# I Got A Job!



## Hof8231 (Jan 21, 2014)

Not quite a NFL sideline photographer yet but hey, it's a start lol. I'm working as photographer for the Trenton Freedom, an expansion Professional Indoor Football League (PIFL) team based out of Trenton, NJ...which is very convenient as I live in Philly. My main responsibility is going to be action shots for the websites/media guides/programs/etc., but over the course of the tryouts they also had me taking shots of every tryout participant with their bib number, some shots of the area, along with other general things. It's been a great experience so far and I'm so beyond excited!

I've also been working and talking a lot with the broadcasting school that's taking care of all the broadcasting/video duties. I'm learning a hell of a lot already. 

Here are some of my photos from the most recent tryout:

1. View from the Owners' Box (Sigma 15mm f/2.8 diagonal fisheye)



BD1B0026 by SteveH8231, on Flickr

2. Arena from the end zone (Sigma 15mm f/2.8 diagonal fisheye)

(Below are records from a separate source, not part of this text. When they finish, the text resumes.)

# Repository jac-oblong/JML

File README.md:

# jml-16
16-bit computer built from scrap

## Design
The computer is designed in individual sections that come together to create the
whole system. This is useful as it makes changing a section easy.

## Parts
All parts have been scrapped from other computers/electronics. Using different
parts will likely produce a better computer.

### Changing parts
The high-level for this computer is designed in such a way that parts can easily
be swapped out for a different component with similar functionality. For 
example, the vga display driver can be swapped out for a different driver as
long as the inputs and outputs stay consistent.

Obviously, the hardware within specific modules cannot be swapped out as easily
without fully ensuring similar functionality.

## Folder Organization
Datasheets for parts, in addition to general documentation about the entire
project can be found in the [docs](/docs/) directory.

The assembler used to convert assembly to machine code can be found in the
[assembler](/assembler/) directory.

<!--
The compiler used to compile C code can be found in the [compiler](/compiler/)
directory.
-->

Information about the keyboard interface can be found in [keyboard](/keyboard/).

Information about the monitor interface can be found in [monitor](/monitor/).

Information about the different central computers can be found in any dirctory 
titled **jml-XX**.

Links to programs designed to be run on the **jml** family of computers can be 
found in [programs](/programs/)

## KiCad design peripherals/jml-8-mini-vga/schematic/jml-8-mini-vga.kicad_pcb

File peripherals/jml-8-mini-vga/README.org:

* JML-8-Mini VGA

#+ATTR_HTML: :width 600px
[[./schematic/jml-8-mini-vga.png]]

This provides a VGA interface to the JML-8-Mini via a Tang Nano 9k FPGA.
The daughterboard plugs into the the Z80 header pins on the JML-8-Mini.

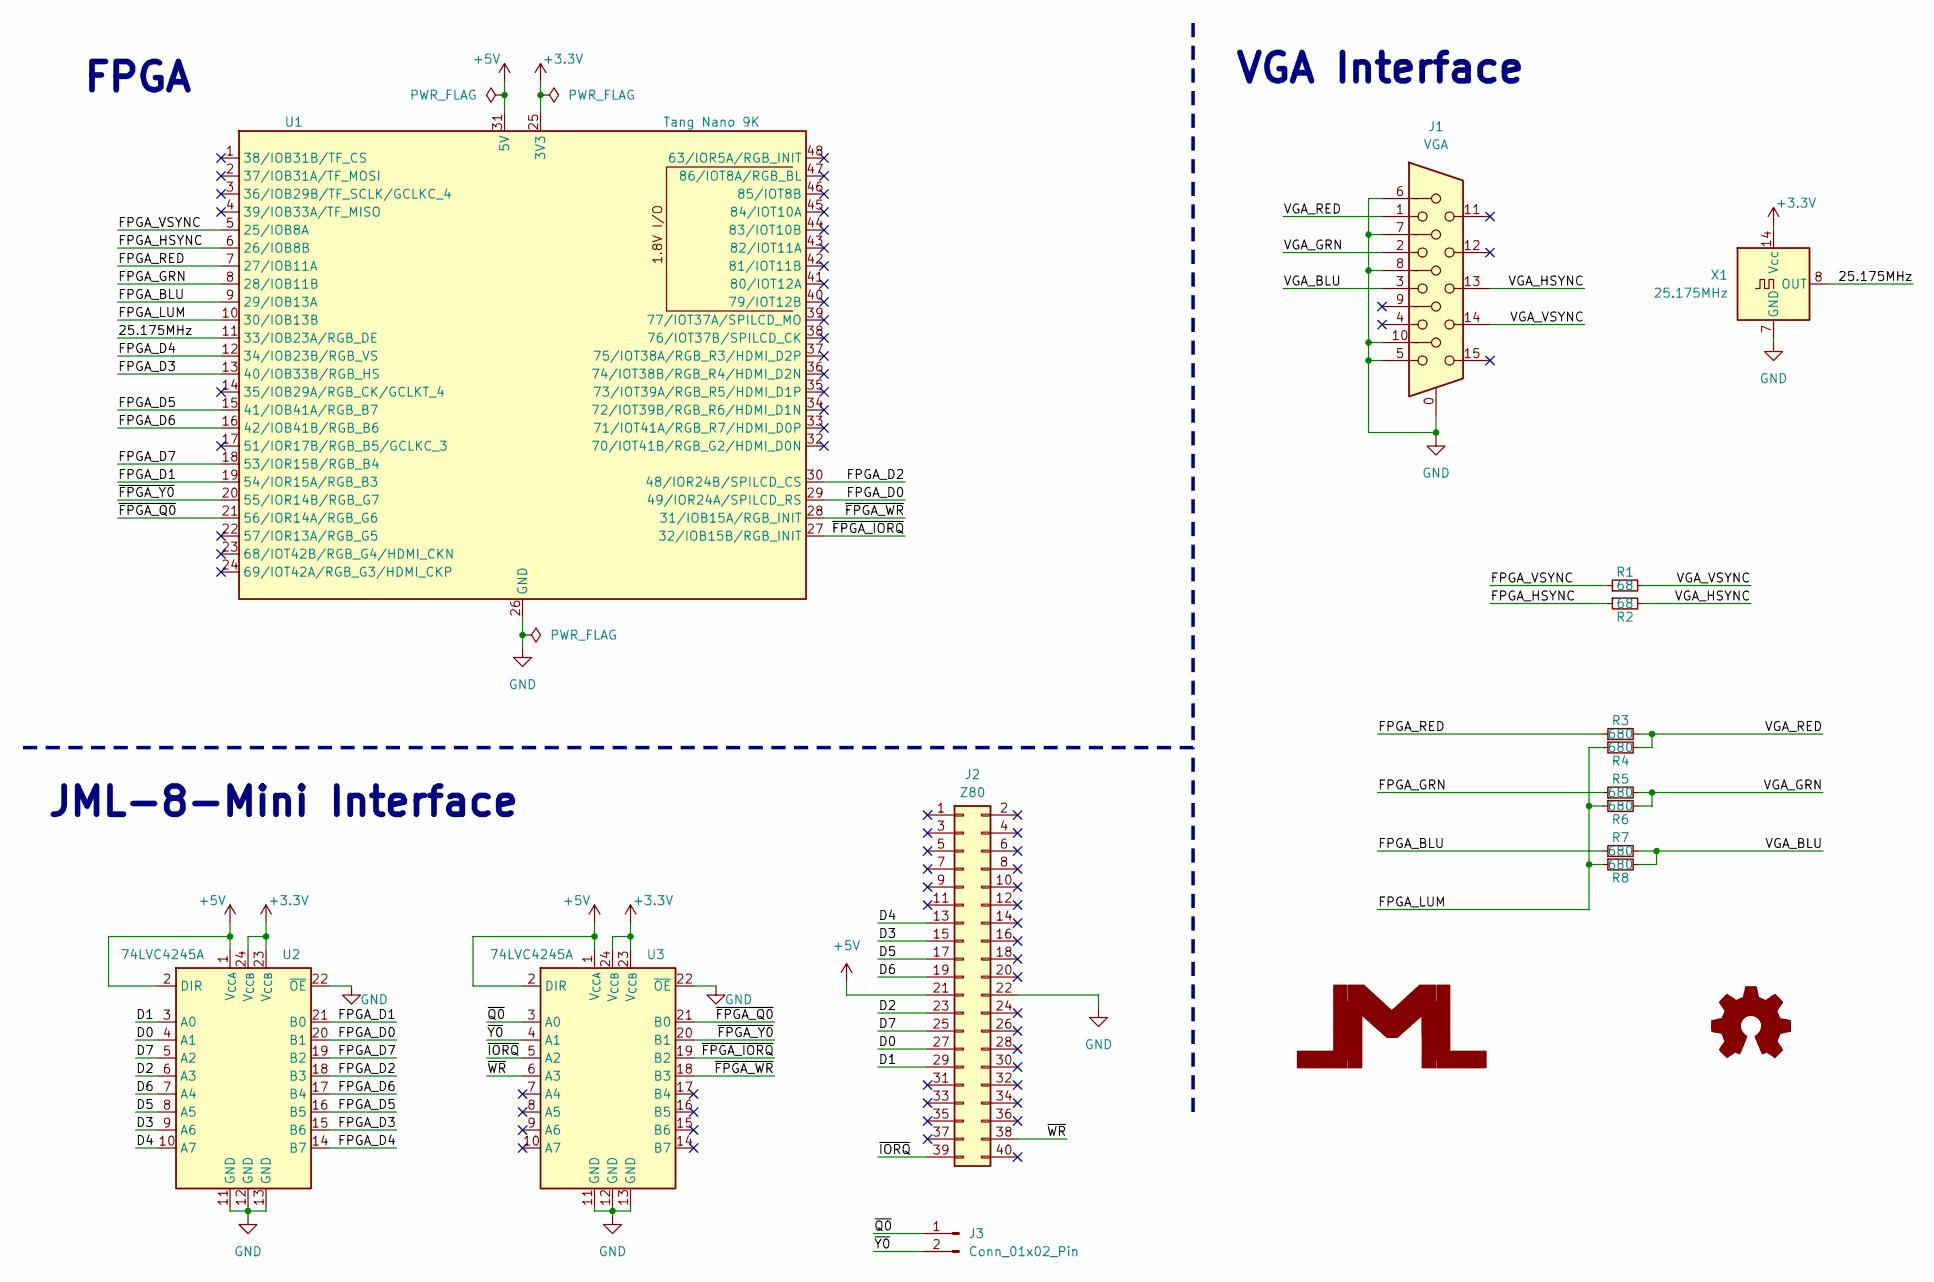
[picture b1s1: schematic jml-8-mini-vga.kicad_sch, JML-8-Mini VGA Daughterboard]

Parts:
J1: VGA; DSUB-15-HD_Female_Horizontal_P2.29x1.98mm_EdgePinOffset8.35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
J2: Z80; PinHeader_2x20_P2.54mm_Vertical
J3: Conn_01x02_Pin; PinHeader_1x02_P2.54mm_Vertical
R1, R2: 68; R_0805_2012Metric_Pad1.20x1.40mm_HandSolder
R3, R4, R5, R6, R7, R8: 680; R_0805_2012Metric_Pad1.20x1.40mm_HandSolder
U1: Tang Nano 9K; TangNano9k
U2, U3: 74LVC4245A; TSSOP-24_4.4x7.8mm_P0.65mm
X1: 25.175MHz; Oscillator_DIP-14

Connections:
+3.3V: U1.25 (3V3), U2.23 (V_{CCB}), U2.24 (V_{CCB}), U3.23 (V_{CCB}), U3.24 (V_{CCB}), X1.14 (Vcc)
+5V: J2.21, U1.31 (5V), U2.1 (V_{CCA}), U2.2 (DIR), U3.1 (V_{CCA}), U3.2 (DIR)
/25.175MHz: U1.11 (33/IOB23A/RGB_DE), X1.8 (OUT)
/D0: J2.27, U2.4 (A1)
/D1: J2.29, U2.3 (A0)
/D2: J2.23, U2.6 (A3)
/D3: J2.15, U2.9 (A6)
/D4: J2.13, U2.10 (A7)
/D5: J2.17, U2.8 (A5)
/D6: J2.19, U2.7 (A4)
/D7: J2.25, U2.5 (A2)
/FPGA_BLU: R7.1, U1.9 (29/IOB13A)
/FPGA_D0: U1.29 (49/IOR24A/SPILCD_RS), U2.20 (B1)
/FPGA_D1: U1.19 (54/IOR15A/RGB_B3), U2.21 (B0)
/FPGA_D2: U1.30 (48/IOR24B/SPILCD_CS), U2.18 (B3)
/FPGA_D3: U1.13 (40/IOB33B/RGB_HS), U2.15 (B6)
/FPGA_D4: U1.12 (34/IOB23B/RGB_VS), U2.14 (B7)
/FPGA_D5: U1.15 (41/IOB41A/RGB_B7), U2.16 (B5)
/FPGA_D6: U1.16 (42/IOB41B/RGB_B6), U2.17 (B4)
/FPGA_D7: U1.18 (53/IOR15B/RGB_B4), U2.19 (B2)
/FPGA_GRN: R5.1, U1.8 (28/IOB11B)
/FPGA_HSYNC: R2.1, U1.6 (26/IOB8B)
/FPGA_LUM: R4.1, R6.1, R8.1, U1.10 (30/IOB13B)
/FPGA_RED: R3.1, U1.7 (27/IOB11A)
/FPGA_VSYNC: R1.1, U1.5 (25/IOB8A)
/VGA_BLU: J1.3, R7.2, R8.2
/VGA_GRN: J1.2, R5.2, R6.2
/VGA_HSYNC: J1.13, R2.2
/VGA_RED: J1.1, R3.2, R4.2
/VGA_VSYNC: J1.14, R1.2
/~FPGA_IORQ: U1.27 (32/IOB15B/RGB_INIT), U3.19 (B2)
/~FPGA_Q0: U1.21 (56/IOR14A/RGB_G6), U3.21 (B0)
/~FPGA_WR: U1.28 (31/IOB15A/RGB_INIT), U3.18 (B3)
/~FPGA_Y0: U1.20 (55/IOR14B/RGB_G7), U3.20 (B1)
/~IORQ: J2.39, U3.5 (A2)
/~Q0: J3.1, U3.3 (A0)
/~WR: J2.38, U3.6 (A3)
/~Y0: J3.2, U3.4 (A1)
GND: J1.0, J1.5, J1.6, J1.7, J1.8, J1.10, J2.22, U1.26 (GND), U2.11 (GND), U2.12 (GND), U2.13 (GND), U2.22 (~OE), U3.11 (GND), U3.12 (GND), U3.13 (GND), U3.22 (~OE), X1.7 (GND)

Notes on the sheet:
VGA Interface
JML-8-Mini Interface
FPGA

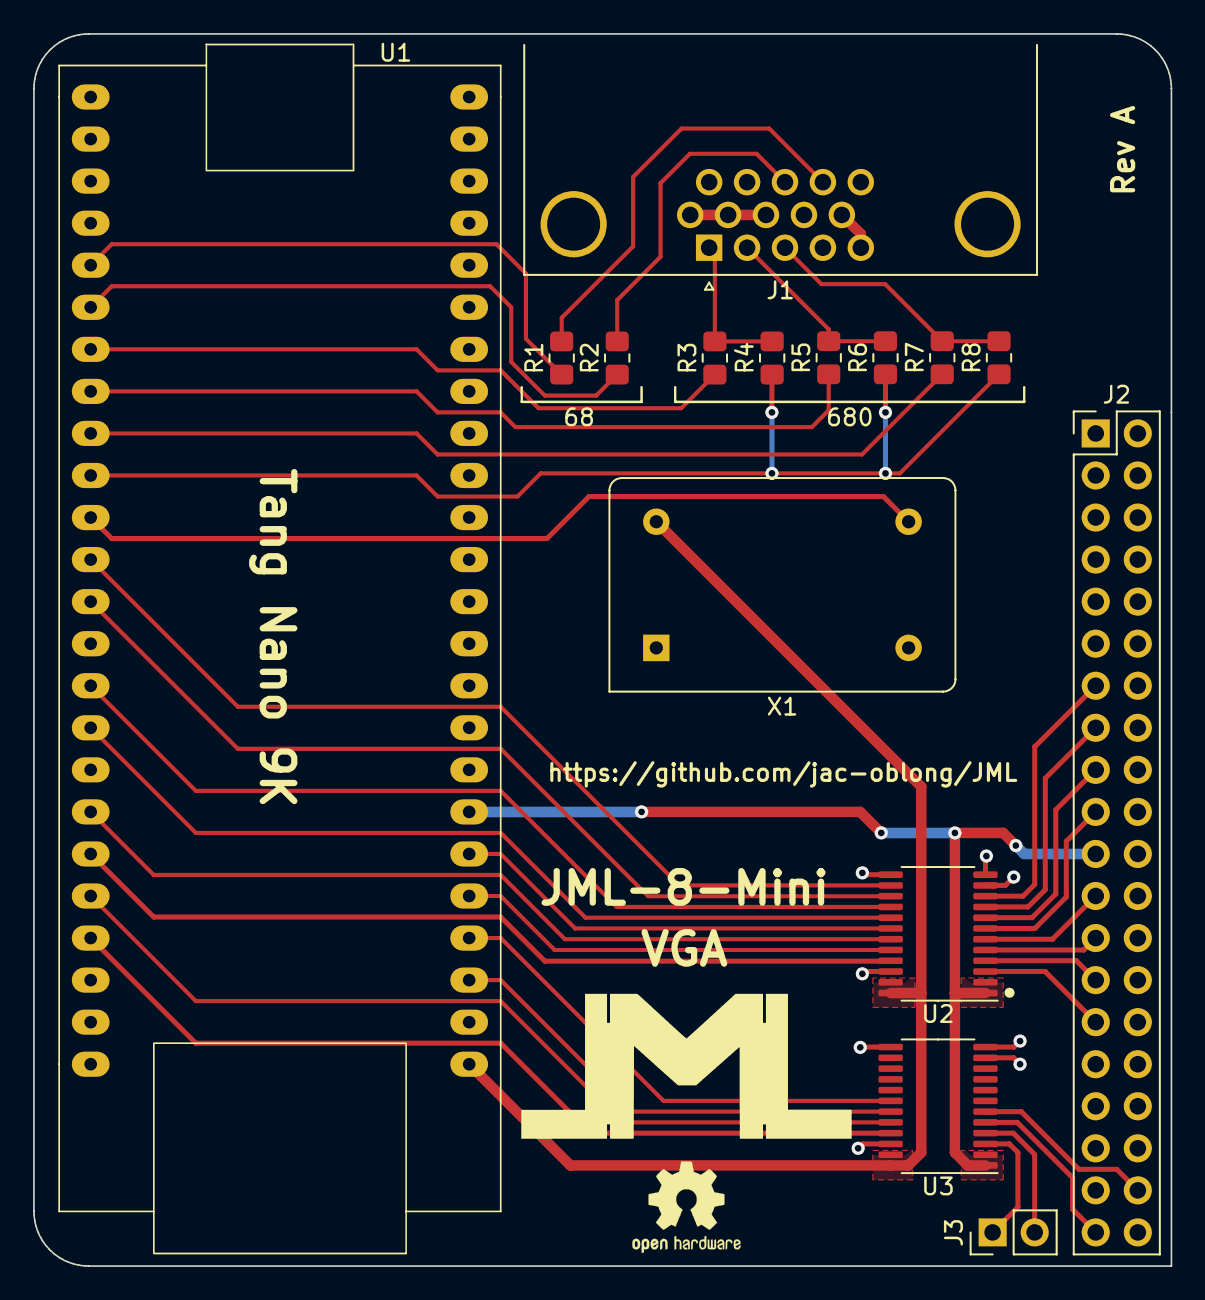
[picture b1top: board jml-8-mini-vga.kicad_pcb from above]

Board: 2 copper layers, 68.7 x 74.4 mm, 15 parts (0 on the bottom side), 39 nets.

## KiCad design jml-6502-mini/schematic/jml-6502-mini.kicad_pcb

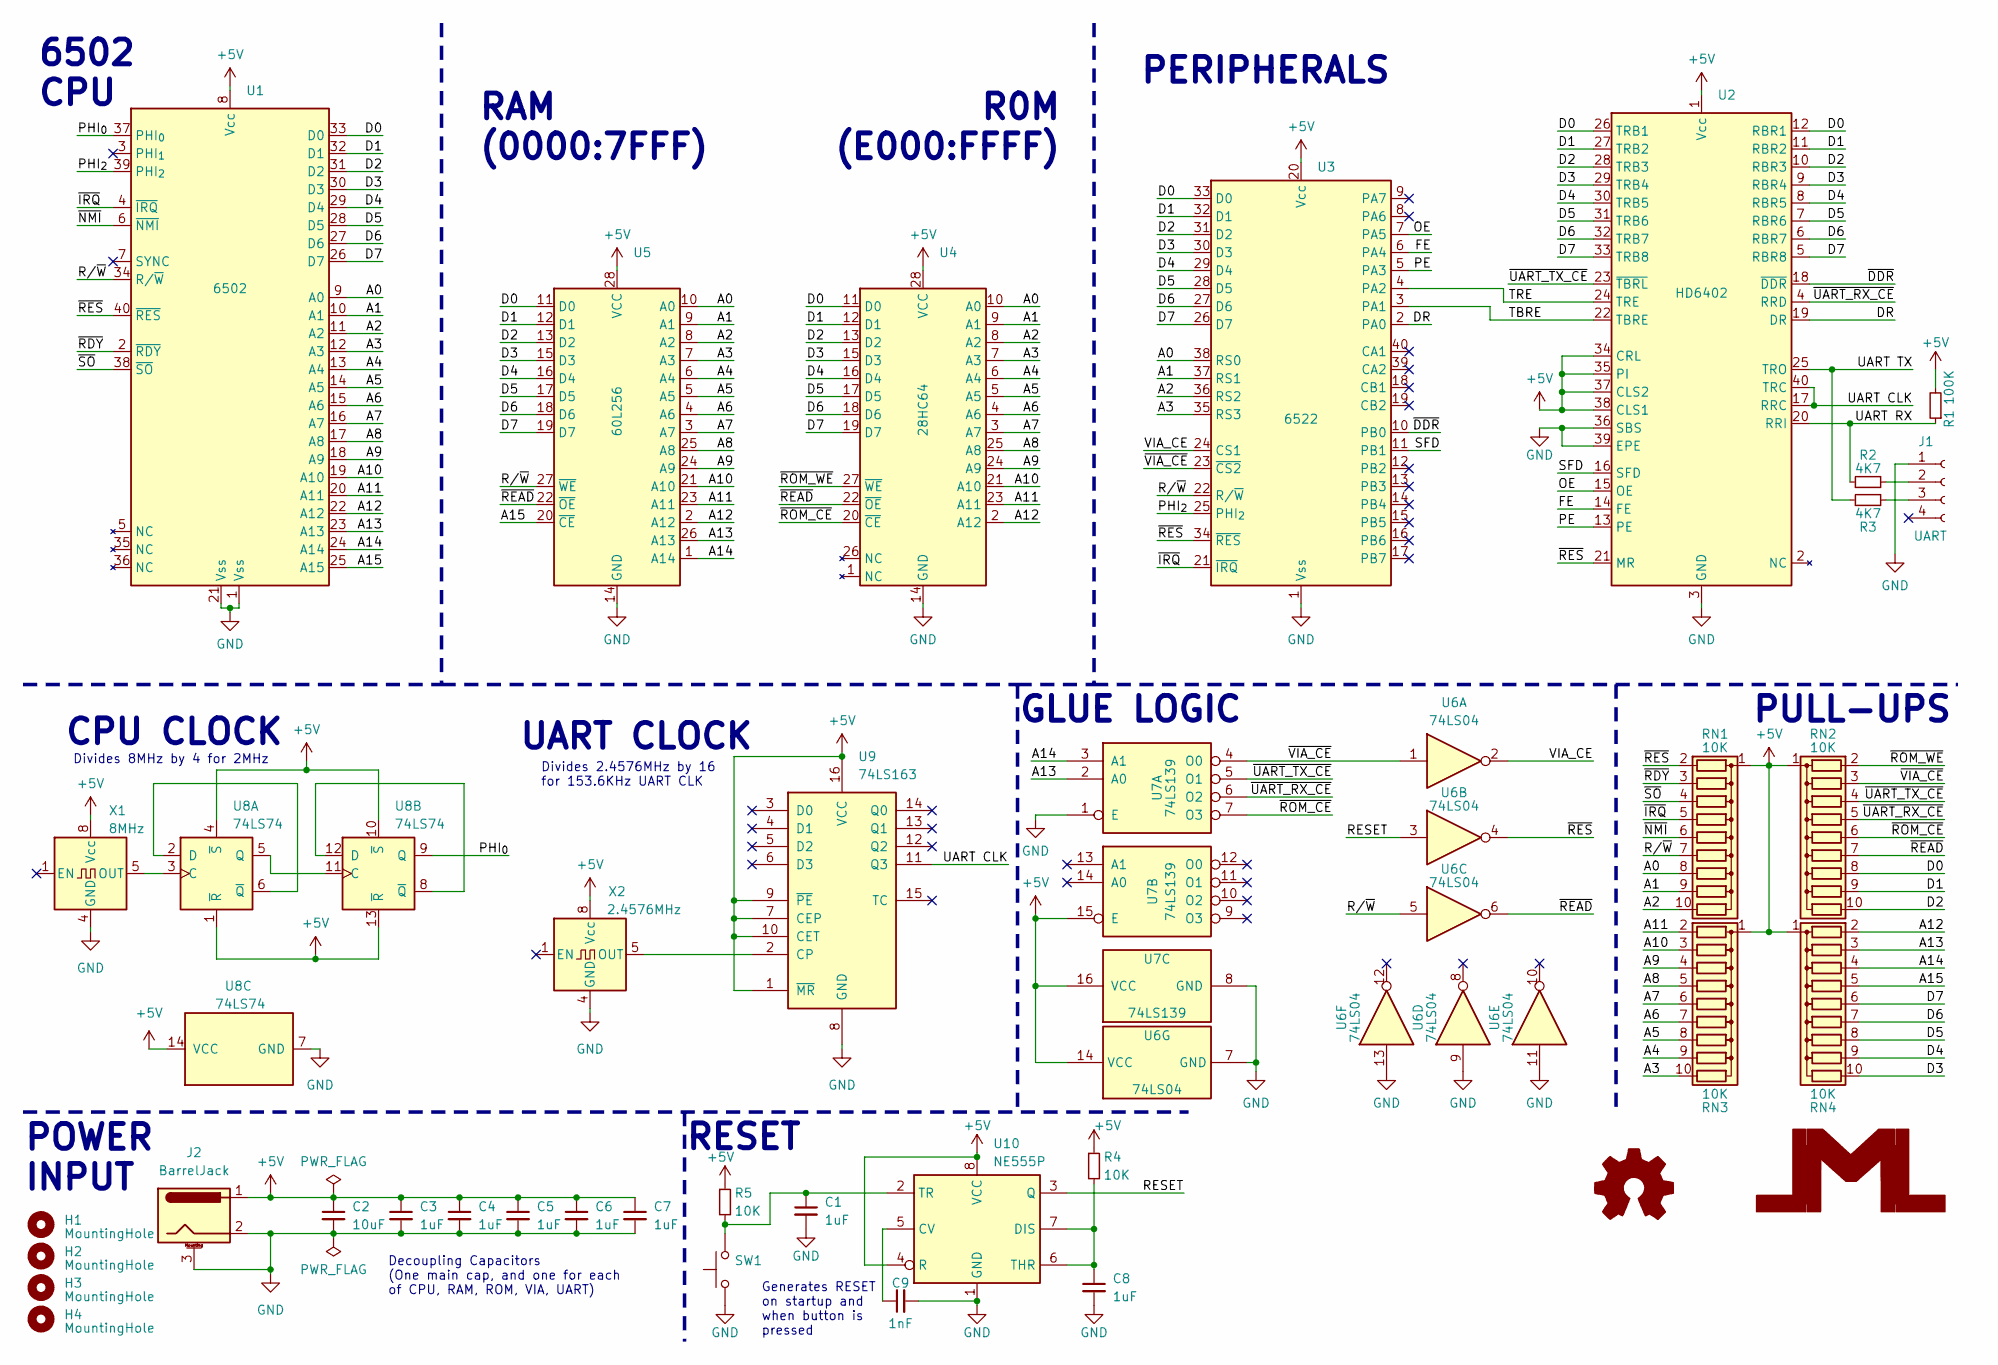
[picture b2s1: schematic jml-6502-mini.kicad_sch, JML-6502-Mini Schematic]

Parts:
C1, C3, C4, C5, C6, C7, C8: 1uF; C_Disc_D5.0mm_W2.5mm_P5.00mm
C2: 10uF; C_Radial_D5.0mm_H11.0mm_P2.00mm
C9: 1nF; C_Disc_D5.0mm_W2.5mm_P5.00mm
H1, H2, H3, H4: MountingHole; MountingHole_2.7mm_M2.5
J1: UART; PinHeader_1x04_P2.54mm_Horizontal
J2: BarrelJack; BarrelJack_Horizontal
R1: 100K; R_Axial_DIN0207_L6.3mm_D2.5mm_P7.62mm_Horizontal
R2, R3: 4K7; R_Axial_DIN0207_L6.3mm_D2.5mm_P7.62mm_Horizontal
R4, R5: 10K; R_Axial_DIN0207_L6.3mm_D2.5mm_P7.62mm_Horizontal
RN1, RN2, RN3, RN4: 10K; R_Array_SIP10
SW1: SW_Tactile_Straight_KSA0Axx1LFTR
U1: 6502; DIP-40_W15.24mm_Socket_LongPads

BD1B0038 by SteveH8231, on Flickr

3. 



A31K1508 by SteveH8231, on Flickr

4.



A31K1577 by SteveH8231, on Flickr

5.



A31K1600 by SteveH8231, on Flickr

6.



A31K1771 by SteveH8231, on Flickr

7.



A31K1640 by SteveH8231, on Flickr

8.



A31K1766 by SteveH8231, on Flickr

All action shots taken with Canon 70-200 f/2.8


----------



## Derrel (Jan 21, 2014)

AWESOME, man! Good for you!!!!!!!!!!!!!!!


----------



## kathyt (Jan 21, 2014)

Congrats. What great experience for you.


----------



## ronlane (Jan 21, 2014)

Cool, congrats.


----------



## BrandonSCMedia (Jan 21, 2014)

Congrats on the job!


----------



## imagemaker46 (Jan 22, 2014)

Good for you, looking forward to seeing some of the game action. The bonus of shooting indoors is that you can cover more area with one lens. Have fun.


----------



## The_Traveler (Jan 22, 2014)

congratulations


----------



## Brand000n (Jan 22, 2014)

Wow, congratulations! I hope you keep us updated on your experience! How did you go about building a portfolio and applying for the position? Just the standard shoot high school games? 

Sent from my SPH-L710 using Tapatalk


----------



## vimwiz (Jan 22, 2014)

Wow, I never knew indoor american football existed.  Looks cool, congratulatioms!


----------



## BillM (Jan 22, 2014)

Congrats !!!!!


----------



## LarryLomona (Jan 22, 2014)

Congrats.:thumbup:


----------



## Nibbio (Feb 10, 2014)

Congratulations! Blessings!


----------



## Warhorse (Feb 10, 2014)

Very cool, congratulations!


----------